An intro to DeepSeek's distributed file system

Workload and Motivation

  • 3FS is described as born in a high‑frequency trading context (2019) and repurposed for AI workloads.
  • Target workload: huge, mostly read‑heavy datasets, petabyte scale, many clients, extremely high random‑read throughput.
  • Some suggest ML workloads only really need capacity, parallel reads, and redundancy, not strong consistency; others strongly push back that “consistency is hard, so skip it” tends to end badly at scale.

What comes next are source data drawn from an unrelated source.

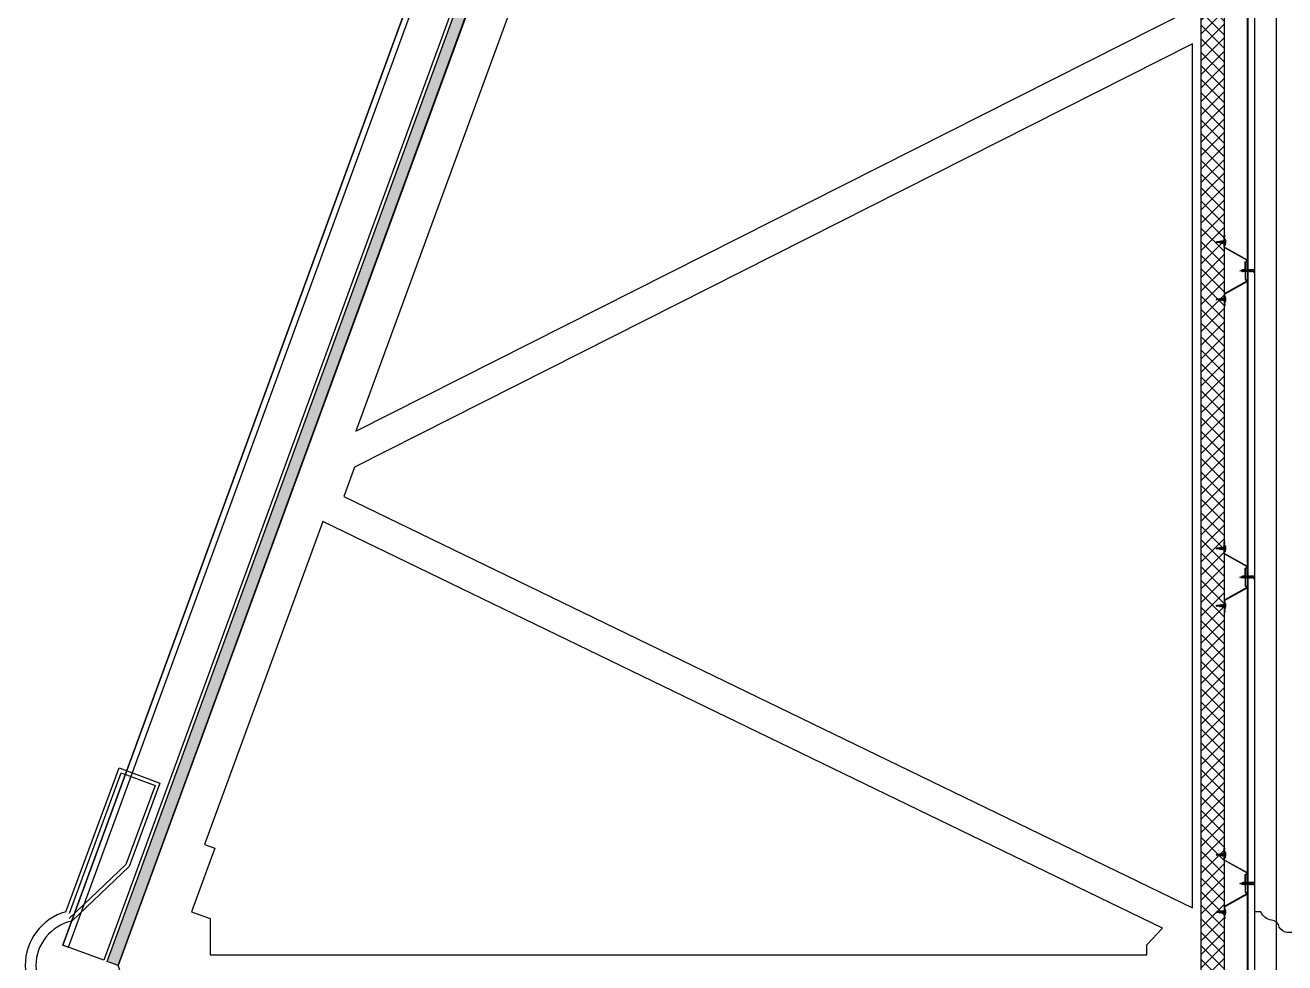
# Model space of a CAD drawing. Header units: inches. Extents: x 203 to 1065, y -1127 to 921.
# Drawn here: x 356.906 to 358.55, y 859.191 to 860.415 of the extents above; entities that cross this region are included whole.
import ezdxf

# ---------------------------------------------------------------- set-up
doc = ezdxf.new("R2010")
doc.units = ezdxf.units.IN
doc.header["$MEASUREMENT"] = 0
doc.linetypes.add('CONTINUA', pattern=[0])
for name, color, linetype in [('CORTE MUROS', 4, 'CONTINUA'), ('CORTE PERFILES Y CERCHA', 3, 'CONTINUA'), ('CORTE PROY', 8, 'CONTINUA')]:
    doc.layers.add(name, color=color, linetype=linetype)

msp = doc.modelspace()

# ---------------------------------------------------------------- hatches: boundary and pattern name
at = {"layer": 'CORTE MUROS', "ltscale": 0.5}
h = msp.add_hatch(dxfattribs=at)
h.set_pattern_fill('ANSI38', color=252, scale=0.05, angle=90.1237, style=0)
h.set_pattern_definition([(135.1236939, (355.8420596, 417.3886716), (-0.00440986616, -0.004428948005), []), (225.1236939, (355.8420596, 417.3886716), (-0.00439078432, -0.01326776217), [0.015625, -0.009375])])
h.paths.add_polyline_path([(357.0269, 859.1878), (357.0128, 859.193), (358.4787, 863.1936), (358.4928, 863.1884)])
at = {"layer": 'CORTE PERFILES Y CERCHA', "ltscale": 0.5}
h = msp.add_hatch(dxfattribs=at)
h.set_pattern_fill('_USER', color=251, scale=0.0125, angle=135, style=0, double=1, pattern_type=0)
h.set_pattern_definition([(135, (329.888245, 575.295546), (-0.00883883476, -0.00883883476), []), (225, (329.888245, 575.295546), (0.00883883476, -0.00883883476), [])])
h.paths.add_polyline_path([(358.441, 855.3558), (358.441, 863.0198), (358.471, 863.0198), (358.471, 855.3558)])

# ---------------------------------------------------------------- linework, layer by layer
at = {"layer": 'CORTE MUROS'}
for points in [[(356.9546, 859.2143), (358.4582, 863.3178), (358.5117, 863.2982), (357.0081, 859.1947)], [(358.4582, 863.3178), (356.9546, 859.2143), (356.9621, 859.2116), (358.4657, 863.315)]]:
    msp.add_lwpolyline(points, close=True, dxfattribs=at)
for points in [[(357.0269, 859.1878), (357.0128, 859.193), (358.4787, 863.1936), (358.4928, 863.1884), (357.0269, 859.1878)], [(356.9586, 859.258), (357.0282, 859.4457), (357.0816, 859.4258), (357.0412, 859.317), (356.9663, 859.2456)], [(356.9633, 859.2563), (357.0311, 859.4392), (357.0752, 859.4229), (357.0369, 859.3198), (356.9629, 859.2492)]]:
    msp.add_lwpolyline(points, dxfattribs=at)
for radius, start, end in [(0.073, 105.9239, 254.0761), (0.059, 102.3006, 257.6994)]:
    msp.add_arc((356.9786, 859.1878), radius, start, end, dxfattribs=at)
at = {"layer": 'CORTE PERFILES Y CERCHA', "color": 2}
for p, q in [((358.501, 862.9558), (358.501, 857.9538)), ((358.502, 862.9558), (358.502, 857.9538)), ((358.511, 862.9558), (358.511, 857.9538))]:
    msp.add_line(p, q, dxfattribs=at)
at = {"layer": 'CORTE PERFILES Y CERCHA'}
for p, q in [((358.4645, 860.133), (358.4608, 860.1323)), ((358.4608, 860.1323), (358.4615, 860.1327)), ((358.4615, 860.1323), (358.4608, 860.1323)), ((358.4608, 860.1323), (358.4615, 860.1319)), ((358.4645, 860.133), (358.4615, 860.1327)), ((358.4615, 860.1319), (358.4615, 860.1323)), ((358.4649, 860.1315), (358.4615, 860.1319)), ((358.4649, 860.1334), (358.4645, 860.133)), ((358.4645, 860.133), (358.4649, 860.1315)), ((358.4649, 860.1334), (358.4654, 860.1331)), ((358.4654, 860.1311), (358.4649, 860.1334)), ((358.4654, 860.1311), (358.4649, 860.1315)), ((358.4663, 860.1332), (358.4654, 860.1331)), ((358.4654, 860.1331), (358.4658, 860.1314)), ((358.4654, 860.1311), (358.4658, 860.1314)), ((358.4667, 860.1313), (358.4658, 860.1314)), ((358.4667, 860.1337), (358.4663, 860.1332)), ((358.4663, 860.1332), (358.4667, 860.1313)), ((358.4667, 860.1337), (358.4671, 860.1333)), ((358.4672, 860.1309), (358.4667, 860.1337)), ((358.4672, 860.1309), (358.4667, 860.1313)), ((358.468, 860.1334), (358.4671, 860.1333)), ((358.4671, 860.1333), (358.4677, 860.1312)), ((358.4672, 860.1309), (358.4677, 860.1312)), ((358.4686, 860.1311), (358.4677, 860.1312)), ((358.4684, 860.134), (358.468, 860.1334)), ((358.468, 860.1334), (358.4686, 860.1311)), ((358.4684, 860.134), (358.4689, 860.1335)), ((358.4691, 860.1306), (358.4684, 860.134)), ((358.4691, 860.1306), (358.4686, 860.131)), ((358.4698, 860.1336), (358.4689, 860.1335)), ((358.4689, 860.1335), (358.4695, 860.1309)), ((358.4691, 860.1306), (358.4695, 860.131)), ((358.4705, 860.1308), (358.4695, 860.1309)), ((358.4702, 860.1343), (358.4698, 860.1336)), ((358.4698, 860.1336), (358.4705, 860.1308)), ((358.4702, 860.1343), (358.4707, 860.1337)), ((358.471, 860.1303), (358.4702, 860.1343)), ((358.471, 860.1303), (358.4705, 860.1308)), ((358.4714, 860.1338), (358.4707, 860.1337)), ((358.4707, 860.1337), (358.4714, 860.1307)), ((358.471, 860.1338), (358.471, 860.1408)), ((358.471, 860.1303), (358.4714, 860.1307)), ((358.471, 860.1252), (358.471, 860.1303)), ((358.4714, 860.1338), (358.4714, 860.1408)), ((358.4714, 860.1408), (358.4715, 860.1408)), ((358.4719, 860.1357), (358.4714, 860.1353)), ((358.4714, 860.1293), (358.4714, 860.1353)), ((358.4714, 860.1338), (358.4714, 860.1307)), ((358.4714, 860.1255), (358.4714, 860.1307)), ((358.4719, 860.1288), (358.4714, 860.1293)), ((358.4715, 860.1388), (358.4715, 860.1408)), ((358.4715, 860.1388), (358.4719, 860.1388)), ((358.4719, 860.1388), (358.4719, 860.1408)), ((358.4719, 860.1358), (358.4719, 860.1287)), ((358.4719, 860.1357), (358.4719, 860.1288)), ((358.4727, 860.1358), (358.4727, 860.1287)), ((358.4732, 860.1323), (358.4727, 860.1323)), ((358.4941, 860.0941), (358.4917, 860.0949)), ((358.4941, 860.0941), (358.4945, 860.0959)), ((358.4949, 860.0962), (358.4944, 860.0938)), ((358.4948, 860.0962), (358.4945, 860.0959)), ((358.4947, 860.0939), (358.4952, 860.0959)), ((358.4948, 860.0962), (358.4952, 860.0959)), ((358.4959, 860.0961), (358.4952, 860.0959)), ((358.4953, 860.0937), (358.4959, 860.0961)), ((358.4962, 860.0964), (358.4957, 860.0934)), ((358.4962, 860.0964), (358.4959, 860.0961)), ((358.496, 860.0937), (358.4966, 860.0961)), ((358.4962, 860.0964), (358.4966, 860.0961)), ((358.4973, 860.0961), (358.4966, 860.0961)), ((358.4967, 860.0937), (358.4973, 860.0961)), ((358.4976, 860.0964), (358.497, 860.0934)), ((358.4976, 860.0964), (358.4973, 860.0961)), ((358.4974, 860.0937), (358.4979, 860.0961)), ((358.4976, 860.0964), (358.4979, 860.0961)), ((358.4986, 860.0961), (358.4979, 860.0961)), ((358.498, 860.0937), (358.4986, 860.0961)), ((358.4989, 860.0964), (358.4984, 860.0934)), ((358.4989, 860.0964), (358.4986, 860.0961)), ((358.4987, 860.0937), (358.4993, 860.0961)), ((358.4989, 860.0964), (358.4993, 860.0961)), ((358.4999, 860.0961), (358.4993, 860.0961)), ((358.4994, 860.0937), (358.4999, 860.0961)), ((358.5003, 860.0964), (358.4997, 860.0934)), ((358.5003, 860.0964), (358.4999, 860.0961)), ((358.5001, 860.0937), (358.5006, 860.0961)), ((358.5003, 860.0964), (358.5006, 860.0961)), ((358.5013, 860.0961), (358.5006, 860.0961)), ((358.5007, 860.0937), (358.5013, 860.0961)), ((358.5016, 860.0964), (358.5011, 860.0934)), ((358.5016, 860.0964), (358.5013, 860.0961)), ((358.5014, 860.0937), (358.502, 860.0961)), ((358.5016, 860.0964), (358.502, 860.0961)), ((358.5027, 860.0961), (358.502, 860.0961)), ((358.5027, 860.0961), (358.502, 860.0961)), ((358.5021, 860.0937), (358.5027, 860.0961)), ((358.5021, 860.0937), (358.5027, 860.0961)), ((358.503, 860.0964), (358.5025, 860.0934)), ((358.503, 860.0964), (358.5027, 860.0961)), ((358.5028, 860.0937), (358.5034, 860.0961)), ((358.503, 860.0964), (358.5034, 860.0961)), ((358.504, 860.0961), (358.5034, 860.0961)), ((358.5035, 860.0937), (358.504, 860.0961)), ((358.5035, 860.0937), (358.504, 860.0961)), ((358.5035, 860.0937), (358.504, 860.0961)), ((358.5044, 860.0964), (358.5038, 860.0934)), ((358.5044, 860.0964), (358.504, 860.0961)), ((358.5042, 860.0937), (358.5047, 860.0961)), ((358.5044, 860.0964), (358.5047, 860.0961)), ((358.5054, 860.0961), (358.5047, 860.0961)), ((358.5048, 860.0937), (358.5054, 860.0961)), ((358.5048, 860.0937), (358.5054, 860.0961)), ((358.5048, 860.0937), (358.5054, 860.0961)), ((358.5057, 860.0964), (358.5052, 860.0934)), ((358.5057, 860.0964), (358.5054, 860.0961)), ((358.5055, 860.0937), (358.5061, 860.0961)), ((358.5057, 860.0964), (358.5061, 860.0961)), ((358.5067, 860.0961), (358.5061, 860.0961)), ((358.5062, 860.0937), (358.5067, 860.0961)), ((358.5071, 860.0964), (358.5065, 860.0934)), ((358.5071, 860.0964), (358.5067, 860.0961)), ((358.5071, 860.0964), (358.5067, 860.0961)), ((358.5068, 860.0937), (358.5074, 860.0961)), ((358.5071, 860.0964), (358.5074, 860.0961)), ((358.5071, 860.0964), (358.5074, 860.0961)), ((358.5081, 860.0961), (358.5074, 860.0961)), ((358.5075, 860.0937), (358.5081, 860.0961)), ((358.5084, 860.0964), (358.5079, 860.0934)), ((358.5084, 860.0964), (358.5081, 860.0961)), ((358.5084, 860.0964), (358.5081, 860.0961)), ((358.5082, 860.0937), (358.5088, 860.0961)), ((358.5084, 860.0964), (358.5088, 860.0961)), ((358.5084, 860.0964), (358.5088, 860.0961)), ((358.5093, 860.0961), (358.5088, 860.0961)), ((358.5094, 860.0961), (358.5088, 860.0961)), ((358.511, 860.0975), (358.5094, 860.0961)), ((358.511, 860.0949), (358.5107, 860.0949)), ((358.511, 860.0923), (358.511, 860.0975)), ((358.4944, 860.0938), (358.4941, 860.0941)), ((358.4944, 860.0938), (358.4947, 860.0939)), ((358.4953, 860.0937), (358.4947, 860.0939)), ((358.4957, 860.0934), (358.4953, 860.0937)), ((358.4957, 860.0934), (358.496, 860.0937)), ((358.4967, 860.0937), (358.496, 860.0937)), ((358.497, 860.0934), (358.4967, 860.0937)), ((358.497, 860.0934), (358.4974, 860.0937)), ((358.498, 860.0937), (358.4974, 860.0937)), ((358.4984, 860.0934), (358.498, 860.0937)), ((358.4984, 860.0934), (358.4987, 860.0937)), ((358.4994, 860.0937), (358.4987, 860.0937)), ((358.4997, 860.0934), (358.4994, 860.0937)), ((358.4997, 860.0934), (358.5001, 860.0937)), ((358.5007, 860.0937), (358.5001, 860.0937)), ((358.5011, 860.0934), (358.5007, 860.0937)), ((358.5011, 860.0934), (358.5014, 860.0937)), ((358.5021, 860.0937), (358.5014, 860.0937)), ((358.5025, 860.0934), (358.5021, 860.0937)), ((358.5025, 860.0934), (358.5028, 860.0937)), ((358.5035, 860.0937), (358.5028, 860.0937)), ((358.5038, 860.0934), (358.5035, 860.0937)), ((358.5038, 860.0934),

Architecture and Performance Characteristics

  • Architecturally, it’s a scale‑out metadata filesystem (like Colossus, Tectonic, HopsFS, etc.) with metadata in a distributed DB (FoundationDB).
  • Key points people highlight:
    • NVMe + RDMA, optimized for huge batched random reads from a small set of large files.
    • FUSE client for convenience, but with a hybrid mode: open via FUSE, then use a native library for the data path to avoid FUSE overhead.
    • Very high random IOPS per node (tens of GiB/s, multi‑million 4K IOPS) reported; metadata ops (mdbench) not especially stellar.

Comparisons to Other Systems

  • ZFS: acknowledged as not scale‑out; can grow storage on one node but not aggregate multiple machines for parallel IO.
  • CephFS: praised for real‑world PB‑scale and used at large orgs; criticized as complex to run and relatively slow on modern NVMe without major tuning; some counter with recent Ceph benchmarks (TiB/s, multi‑million IOPS).
  • Alluxio, HopsFS, ObjectiveFS, JuiceFS, SeaweedFS:
    • Alluxio/others already have FUSE and tiered storage; 3FS’s differentiator is truly scale‑out metadata and RDMA‑centric design.
    • JuiceFS/S3‑backed designs trade much higher latency for simplicity and cheap capacity.
    • SeaweedFS focuses on tiny objects with minimal metadata; 3FS on huge files, chunked and read at very high random IO rates with POSIX access.

Operations, Cost, and Cloud Constraints

  • Running your own 3FS‑style cluster on AWS vs FSx Lustre: rough back‑of‑envelope puts it ~12–30% cheaper, but you now own all operational complexity.
  • Several comments note that any self‑run storage cluster (Ceph included) is an operational bear.
  • Complaints that public‑cloud NVMe throughput lags commodity on‑prem SSDs, affecting how replicable 3FS‑like performance is in the cloud.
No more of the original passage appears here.